(Records from a data collection)
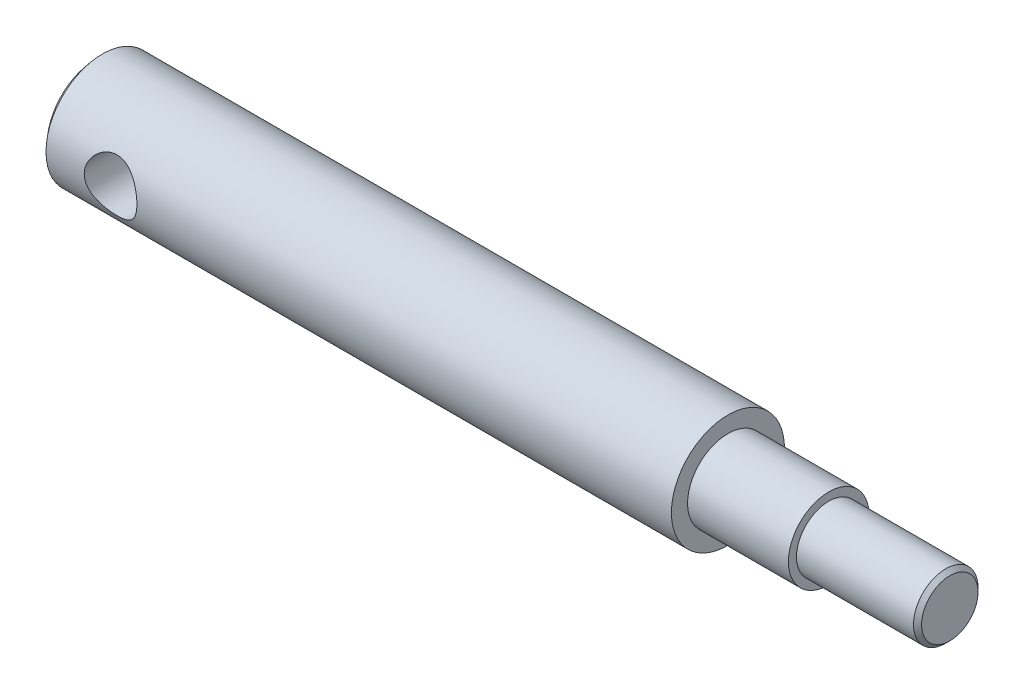
ISO-10303-21;
HEADER;
FILE_DESCRIPTION(('STEP AP214'),'2;1');
FILE_NAME('part.step','',(''),(''),'','','');
FILE_SCHEMA(('AUTOMOTIVE_DESIGN { 1 0 10303 214 1 1 1 1 }'));
ENDSEC;
DATA;
#1=APPLICATION_CONTEXT('core data for automotive mechanical design processes');
#2=APPLICATION_PROTOCOL_DEFINITION('international standard','automotive_design',2000,#1);
#3=PRODUCT_CONTEXT('',#1,'mechanical');
#4=PRODUCT('Part','Part','',(#3));
#5=PRODUCT_RELATED_PRODUCT_CATEGORY('part','',(#4));
#6=PRODUCT_DEFINITION_FORMATION('','',#4);
#7=PRODUCT_DEFINITION_CONTEXT('part definition',#1,'design');
#8=PRODUCT_DEFINITION('design','',#6,#7);
#9=PRODUCT_DEFINITION_SHAPE('','',#8);
#10=(LENGTH_UNIT() NAMED_UNIT(*) SI_UNIT(.MILLI.,.METRE.));
#11=(NAMED_UNIT(*) PLANE_ANGLE_UNIT() SI_UNIT($,.RADIAN.));
#12=(NAMED_UNIT(*) SI_UNIT($,.STERADIAN.) SOLID_ANGLE_UNIT());
#13=UNCERTAINTY_MEASURE_WITH_UNIT(LENGTH_MEASURE(1.E-05),#10,'distance_accuracy_value','');
#14=(GEOMETRIC_REPRESENTATION_CONTEXT(3) GLOBAL_UNCERTAINTY_ASSIGNED_CONTEXT((#13)) GLOBAL_UNIT_ASSIGNED_CONTEXT((#10,
#11,#12)) REPRESENTATION_CONTEXT('',''));
#15=CARTESIAN_POINT('',(0.,0.,0.));
#16=DIRECTION('',(0.,0.,1.));
#17=DIRECTION('',(1.,0.,0.));
#18=AXIS2_PLACEMENT_3D('',#15,#16,#17);
#19=CARTESIAN_POINT('',(21.9709396637103,0.,-1.13040271301872));
#20=DIRECTION('',(0.,-1.,0.));
#21=DIRECTION('',(0.,0.,1.));
#22=AXIS2_PLACEMENT_3D('',#19,#20,#21);
#23=CIRCLE('',#22,22.);
#24=TRIMMED_CURVE('',#23,(PARAMETER_VALUE(-1.51939174944715)),
(PARAMETER_VALUE(1.51939174944715)),.T.,.PARAMETER.);
#25=CARTESIAN_POINT('',(21.9709396637103,0.,0.));
#26=DIRECTION('',(-1.,0.,0.));
#27=AXIS1_PLACEMENT('',#25,#26);
#28=SURFACE_OF_REVOLUTION('',#24,#27);
#29=CARTESIAN_POINT('',(0.,0.,0.));
#30=VERTEX_POINT('',#29);
#31=VERTEX_LOOP('',#30);
#32=FACE_BOUND('',#31,.T.);
#33=CARTESIAN_POINT('',(6.,0.,0.));
#34=DIRECTION('',(-1.,0.,0.));
#35=DIRECTION('',(0.,0.,1.));
#36=AXIS2_PLACEMENT_3D('',#33,#34,#35);
#37=CIRCLE('',#36,14.);
#38=CARTESIAN_POINT('',(6.,0.,14.));
#39=VERTEX_POINT('',#38);
#40=EDGE_CURVE('E65',#39,#39,#37,.T.);
#41=ORIENTED_EDGE('',*,*,#40,.T.);
#42=EDGE_LOOP('',(#41));
#43=FACE_BOUND('',#42,.T.);
#44=ADVANCED_FACE('F43',(#32,#43),#28,.T.);
#45=CARTESIAN_POINT('',(216.,0.,0.));
#46=DIRECTION('',(-1.,0.,0.));
#47=DIRECTION('',(0.,0.,1.));
#48=AXIS2_PLACEMENT_3D('',#45,#46,#47);
#49=PLANE('',#48);
#50=CARTESIAN_POINT('',(216.,0.,0.));
#51=DIRECTION('',(-1.,0.,0.));
#52=DIRECTION('',(0.,0.,1.));
#53=AXIS2_PLACEMENT_3D('',#50,#51,#52);
#54=CIRCLE('',#53,6.99999999999996);
#55=CARTESIAN_POINT('',(216.,0.,6.99999999999996));
#56=VERTEX_POINT('',#55);
#57=EDGE_CURVE('E11',#56,#56,#54,.T.);
#58=ORIENTED_EDGE('',*,*,#57,.F.);
#59=EDGE_LOOP('',(#58));
#60=FACE_BOUND('',#59,.T.);
#61=ADVANCED_FACE('F62',(#60),#49,.F.);
#62=CARTESIAN_POINT('',(216.,0.,0.));
#63=DIRECTION('',(-1.,0.,0.));
#64=DIRECTION('',(0.,0.,1.));
#65=AXIS2_PLACEMENT_3D('',#62,#63,#64);
#66=CONICAL_SURFACE('',#65,6.99999999999996,0.785398163397448);
#67=CARTESIAN_POINT('',(215.,0.,0.));
#68=DIRECTION('',(-1.,0.,0.));
#69=DIRECTION('',(0.,0.,1.));
#70=AXIS2_PLACEMENT_3D('',#67,#68,#69);
#71=CIRCLE('',#70,7.99999999999996);
#72=CARTESIAN_POINT('',(215.,0.,7.99999999999996));
#73=VERTEX_POINT('',#72);
#74=EDGE_CURVE('E56',#73,#73,#71,.T.);
#75=ORIENTED_EDGE('',*,*,#74,.F.);
#76=EDGE_LOOP('',(#75));
#77=FACE_BOUND('',#76,.T.);
#78=ORIENTED_EDGE('',*,*,#57,.T.);
#79=EDGE_LOOP('',(#78));
#80=FACE_BOUND('',#79,.T.);
#81=ADVANCED_FACE('F135',(#77,#80),#66,.T.);
#82=CARTESIAN_POINT('',(0.,0.,0.));
#83=DIRECTION('',(-1.,0.,0.));
#84=DIRECTION('',(0.,0.,1.));
#85=AXIS2_PLACEMENT_3D('',#82,#83,#84);
#86=CYLINDRICAL_SURFACE('',#85,7.99999999999996);
#87=CARTESIAN_POINT('',(186.,0.,0.));
#88=DIRECTION('',(-1.,0.,0.));
#89=DIRECTION('',(0.,0.,1.));
#90=AXIS2_PLACEMENT_3D('',#87,#88,#89);
#91=CIRCLE('',#90,7.99999999999997);
#92=CARTESIAN_POINT('',(186.,0.,7.99999999999997));
#93=VERTEX_POINT('',#92);
#94=EDGE_CURVE('E85',#93,#93,#91,.T.);
#95=ORIENTED_EDGE('',*,*,#94,.F.);
#96=EDGE_LOOP('',(#95));
#97=FACE_BOUND('',#96,.T.);
#98=ORIENTED_EDGE('',*,*,#74,.T.);
#99=EDGE_LOOP('',(#98));
#100=FACE_BOUND('',#99,.T.);
#101=ADVANCED_FACE('F129',(#97,#100),#86,.T.);
#102=CARTESIAN_POINT('',(186.,7.99999999999997,0.));
#103=DIRECTION('',(-1.,0.,0.));
#104=DIRECTION('',(0.,0.,1.));
#105=AXIS2_PLACEMENT_3D('',#102,#103,#104);
#106=PLANE('',#105);
#107=CARTESIAN_POINT('',(186.,0.,0.));
#108=DIRECTION('',(-1.,0.,0.));
#109=DIRECTION('',(0.,0.,1.));
#110=AXIS2_PLACEMENT_3D('',#107,#108,#109);
#111=CIRCLE('',#110,10.);
#112=CARTESIAN_POINT('',(186.,0.,10.));
#113=VERTEX_POINT('',#112);
#114=EDGE_CURVE('E81',#113,#113,#111,.T.);
#115=ORIENTED_EDGE('',*,*,#114,.F.);
#116=EDGE_LOOP('',(#115));
#117=FACE_BOUND('',#116,.T.);
#118=ORIENTED_EDGE('',*,*,#94,.T.);
#119=EDGE_LOOP('',(#118));
#120=FACE_BOUND('',#119,.T.);
#121=ADVANCED_FACE('F123',(#117,#120),#106,.F.);
#122=CARTESIAN_POINT('',(0.,0.,0.));
#123=DIRECTION('',(-1.,0.,0.));
#124=DIRECTION('',(0.,0.,1.));
#125=AXIS2_PLACEMENT_3D('',#122,#123,#124);
#126=CYLINDRICAL_SURFACE('',#125,9.99999999999999);
#127=CARTESIAN_POINT('',(161.,0.,0.));
#128=DIRECTION('',(-1.,0.,0.));
#129=DIRECTION('',(0.,0.,1.));
#130=AXIS2_PLACEMENT_3D('',#127,#128,#129);
#131=CIRCLE('',#130,9.99999999999999);
#132=CARTESIAN_POINT('',(161.,0.,9.99999999999999));
#133=VERTEX_POINT('',#132);
#134=EDGE_CURVE('E73',#133,#133,#131,.T.);
#135=ORIENTED_EDGE('',*,*,#134,.F.);
#136=EDGE_LOOP('',(#135));
#137=FACE_BOUND('',#136,.T.);
#138=ORIENTED_EDGE('',*,*,#114,.T.);
#139=EDGE_LOOP('',(#138));
#140=FACE_BOUND('',#139,.T.);
#141=ADVANCED_FACE('F118',(#137,#140),#126,.T.);
#142=CARTESIAN_POINT('',(161.,9.99999999999999,0.));
#143=DIRECTION('',(-1.,0.,0.));
#144=DIRECTION('',(0.,0.,1.));
#145=AXIS2_PLACEMENT_3D('',#142,#143,#144);
#146=PLANE('',#145);
#147=CARTESIAN_POINT('',(161.,0.,0.));
#148=DIRECTION('',(-1.,0.,0.));
#149=DIRECTION('',(0.,0.,1.));
#150=AXIS2_PLACEMENT_3D('',#147,#148,#149);
#151=CIRCLE('',#150,14.);
#152=CARTESIAN_POINT('',(161.,0.,14.));
#153=VERTEX_POINT('',#152);
#154=EDGE_CURVE('E68',#153,#153,#151,.T.);
#155=ORIENTED_EDGE('',*,*,#154,.F.);
#156=EDGE_LOOP('',(#155));
#157=FACE_BOUND('',#156,.T.);
#158=ORIENTED_EDGE('',*,*,#134,.T.);
#159=EDGE_LOOP('',(#158));
#160=FACE_BOUND('',#159,.T.);
#161=ADVANCED_FACE('F107',(#157,#160),#146,.F.);
#162=CARTESIAN_POINT('',(0.,0.,0.));
#163=DIRECTION('',(-1.,0.,0.));
#164=DIRECTION('',(0.,0.,1.));
#165=AXIS2_PLACEMENT_3D('',#162,#163,#164);
#166=CYLINDRICAL_SURFACE('',#165,14.);
#167=CARTESIAN_POINT('',(28.525,0.,14.));
#168=CARTESIAN_POINT('',(28.5249988115517,-0.172961585399824,13.9999989763916));
#169=CARTESIAN_POINT('',(28.5181142009919,-0.345955335434678,13.9967866267679));
#170=CARTESIAN_POINT('',(28.4906472082468,-0.690686654918813,13.9840170322901));
#171=CARTESIAN_POINT('',(28.4700576977243,-0.86242352360486,13.9744564855512));
#172=CARTESIAN_POINT('',(28.4153656284769,-1.20357884662734,13.9492186729422));
#173=CARTESIAN_POINT('',(28.3812399649993,-1.37299282183549,13.9335309493484));
#174=CARTESIAN_POINT('',(28.2998340414739,-1.70805603372384,13.8964373934108));
#175=CARTESIAN_POINT('',(28.2525484040739,-1.8737037014445,13.8750292237546));
#176=CARTESIAN_POINT('',(28.1455325345178,-2.19938966095088,13.8271351485202));
#177=CARTESIAN_POINT('',(28.0858547228063,-2.35944836591319,13.8006706682818));
#178=CARTESIAN_POINT('',(27.9544618529155,-2.67376897138034,13.7432347055915));
#179=CARTESIAN_POINT('',(27.8827422987142,-2.8280286802885,13.7122615403098));
#180=CARTESIAN_POINT('',(27.7279092536524,-3.12976206362347,13.6465529347583));
#181=CARTESIAN_POINT('',(27.6448027589596,-3.27723983115224,13.6118198073492));
#182=CARTESIAN_POINT('',(27.4677595136981,-3.5647963977443,13.5393595459155));
#183=CARTESIAN_POINT('',(27.3738188114603,-3.70487246977678,13.5016313210325));
#184=CARTESIAN_POINT('',(27.0658905241392,-4.12772725323102,13.3809785077786));
#185=CARTESIAN_POINT('',(26.8341505463098,-4.39678369077359,13.2942642643216));
#186=CARTESIAN_POINT('',(26.3303201868583,-4.89380166725161,13.1194636813799));
#187=CARTESIAN_POINT('',(26.0582035223154,-5.12173622241705,13.0313764818575));
#188=CARTESIAN_POINT('',(25.6146104957753,-5.43561918418219,12.9022479894684));
#189=CARTESIAN_POINT('',(25.4554620225076,-5.53817375744852,12.8584428072728));
#190=CARTESIAN_POINT('',(25.1281745789026,-5.72940047695437,12.7743832344047));
#191=CARTESIAN_POINT('',(24.9600393698687,-5.81807837103057,12.7341273766049));
#192=CARTESIAN_POINT('',(24.6157626284436,-5.98077462726117,12.6585303796142));
#193=CARTESIAN_POINT('',(24.4396213238958,-6.05479340627467,12.6231891006767));
#194=CARTESIAN_POINT('',(24.0805936424508,-6.18735332878388,12.558745759908));
#195=CARTESIAN_POINT('',(23.8977110859509,-6.245903089752,12.5296402259874));
#196=CARTESIAN_POINT('',(23.5368302827655,-6.34403492447861,12.4802272326423));
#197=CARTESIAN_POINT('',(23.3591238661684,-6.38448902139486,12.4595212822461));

● The task
Where the data above reaches the line holding "#84=DIRECTION('',(0.,0.,1.));", begin printing, and stop after the line holding "#140=FACE_BOUND('',#139,.T.);". Each line must be reproduced exactly, with nothing else added.

● Output of the task
#84=DIRECTION('',(0.,0.,1.));
#85=AXIS2_PLACEMENT_3D('',#82,#83,#84);
#86=CYLINDRICAL_SURFACE('',#85,7.99999999999996);
#87=CARTESIAN_POINT('',(186.,0.,0.));
#88=DIRECTION('',(-1.,0.,0.));
#89=DIRECTION('',(0.,0.,1.));
#90=AXIS2_PLACEMENT_3D('',#87,#88,#89);
#91=CIRCLE('',#90,7.99999999999997);
#92=CARTESIAN_POINT('',(186.,0.,7.99999999999997));
#93=VERTEX_POINT('',#92);
#94=EDGE_CURVE('E85',#93,#93,#91,.T.);
#95=ORIENTED_EDGE('',*,*,#94,.F.);
#96=EDGE_LOOP('',(#95));
#97=FACE_BOUND('',#96,.T.);
#98=ORIENTED_EDGE('',*,*,#74,.T.);
#99=EDGE_LOOP('',(#98));
#100=FACE_BOUND('',#99,.T.);
#101=ADVANCED_FACE('F129',(#97,#100),#86,.T.);
#102=CARTESIAN_POINT('',(186.,7.99999999999997,0.));
#103=DIRECTION('',(-1.,0.,0.));
#104=DIRECTION('',(0.,0.,1.));
#105=AXIS2_PLACEMENT_3D('',#102,#103,#104);
#106=PLANE('',#105);
#107=CARTESIAN_POINT('',(186.,0.,0.));
#108=DIRECTION('',(-1.,0.,0.));
#109=DIRECTION('',(0.,0.,1.));
#110=AXIS2_PLACEMENT_3D('',#107,#108,#109);
#111=CIRCLE('',#110,10.);
#112=CARTESIAN_POINT('',(186.,0.,10.));
#113=VERTEX_POINT('',#112);
#114=EDGE_CURVE('E81',#113,#113,#111,.T.);
#115=ORIENTED_EDGE('',*,*,#114,.F.);
#116=EDGE_LOOP('',(#115));
#117=FACE_BOUND('',#116,.T.);
#118=ORIENTED_EDGE('',*,*,#94,.T.);
#119=EDGE_LOOP('',(#118));
#120=FACE_BOUND('',#119,.T.);
#121=ADVANCED_FACE('F123',(#117,#120),#106,.F.);
#122=CARTESIAN_POINT('',(0.,0.,0.));
#123=DIRECTION('',(-1.,0.,0.));
#124=DIRECTION('',(0.,0.,1.));
#125=AXIS2_PLACEMENT_3D('',#122,#123,#124);
#126=CYLINDRICAL_SURFACE('',#125,9.99999999999999);
#127=CARTESIAN_POINT('',(161.,0.,0.));
#128=DIRECTION('',(-1.,0.,0.));
#129=DIRECTION('',(0.,0.,1.));
#130=AXIS2_PLACEMENT_3D('',#127,#128,#129);
#131=CIRCLE('',#130,9.99999999999999);
#132=CARTESIAN_POINT('',(161.,0.,9.99999999999999));
#133=VERTEX_POINT('',#132);
#134=EDGE_CURVE('E73',#133,#133,#131,.T.);
#135=ORIENTED_EDGE('',*,*,#134,.F.);
#136=EDGE_LOOP('',(#135));
#137=FACE_BOUND('',#136,.T.);
#138=ORIENTED_EDGE('',*,*,#114,.T.);
#139=EDGE_LOOP('',(#138));
#140=FACE_BOUND('',#139,.T.);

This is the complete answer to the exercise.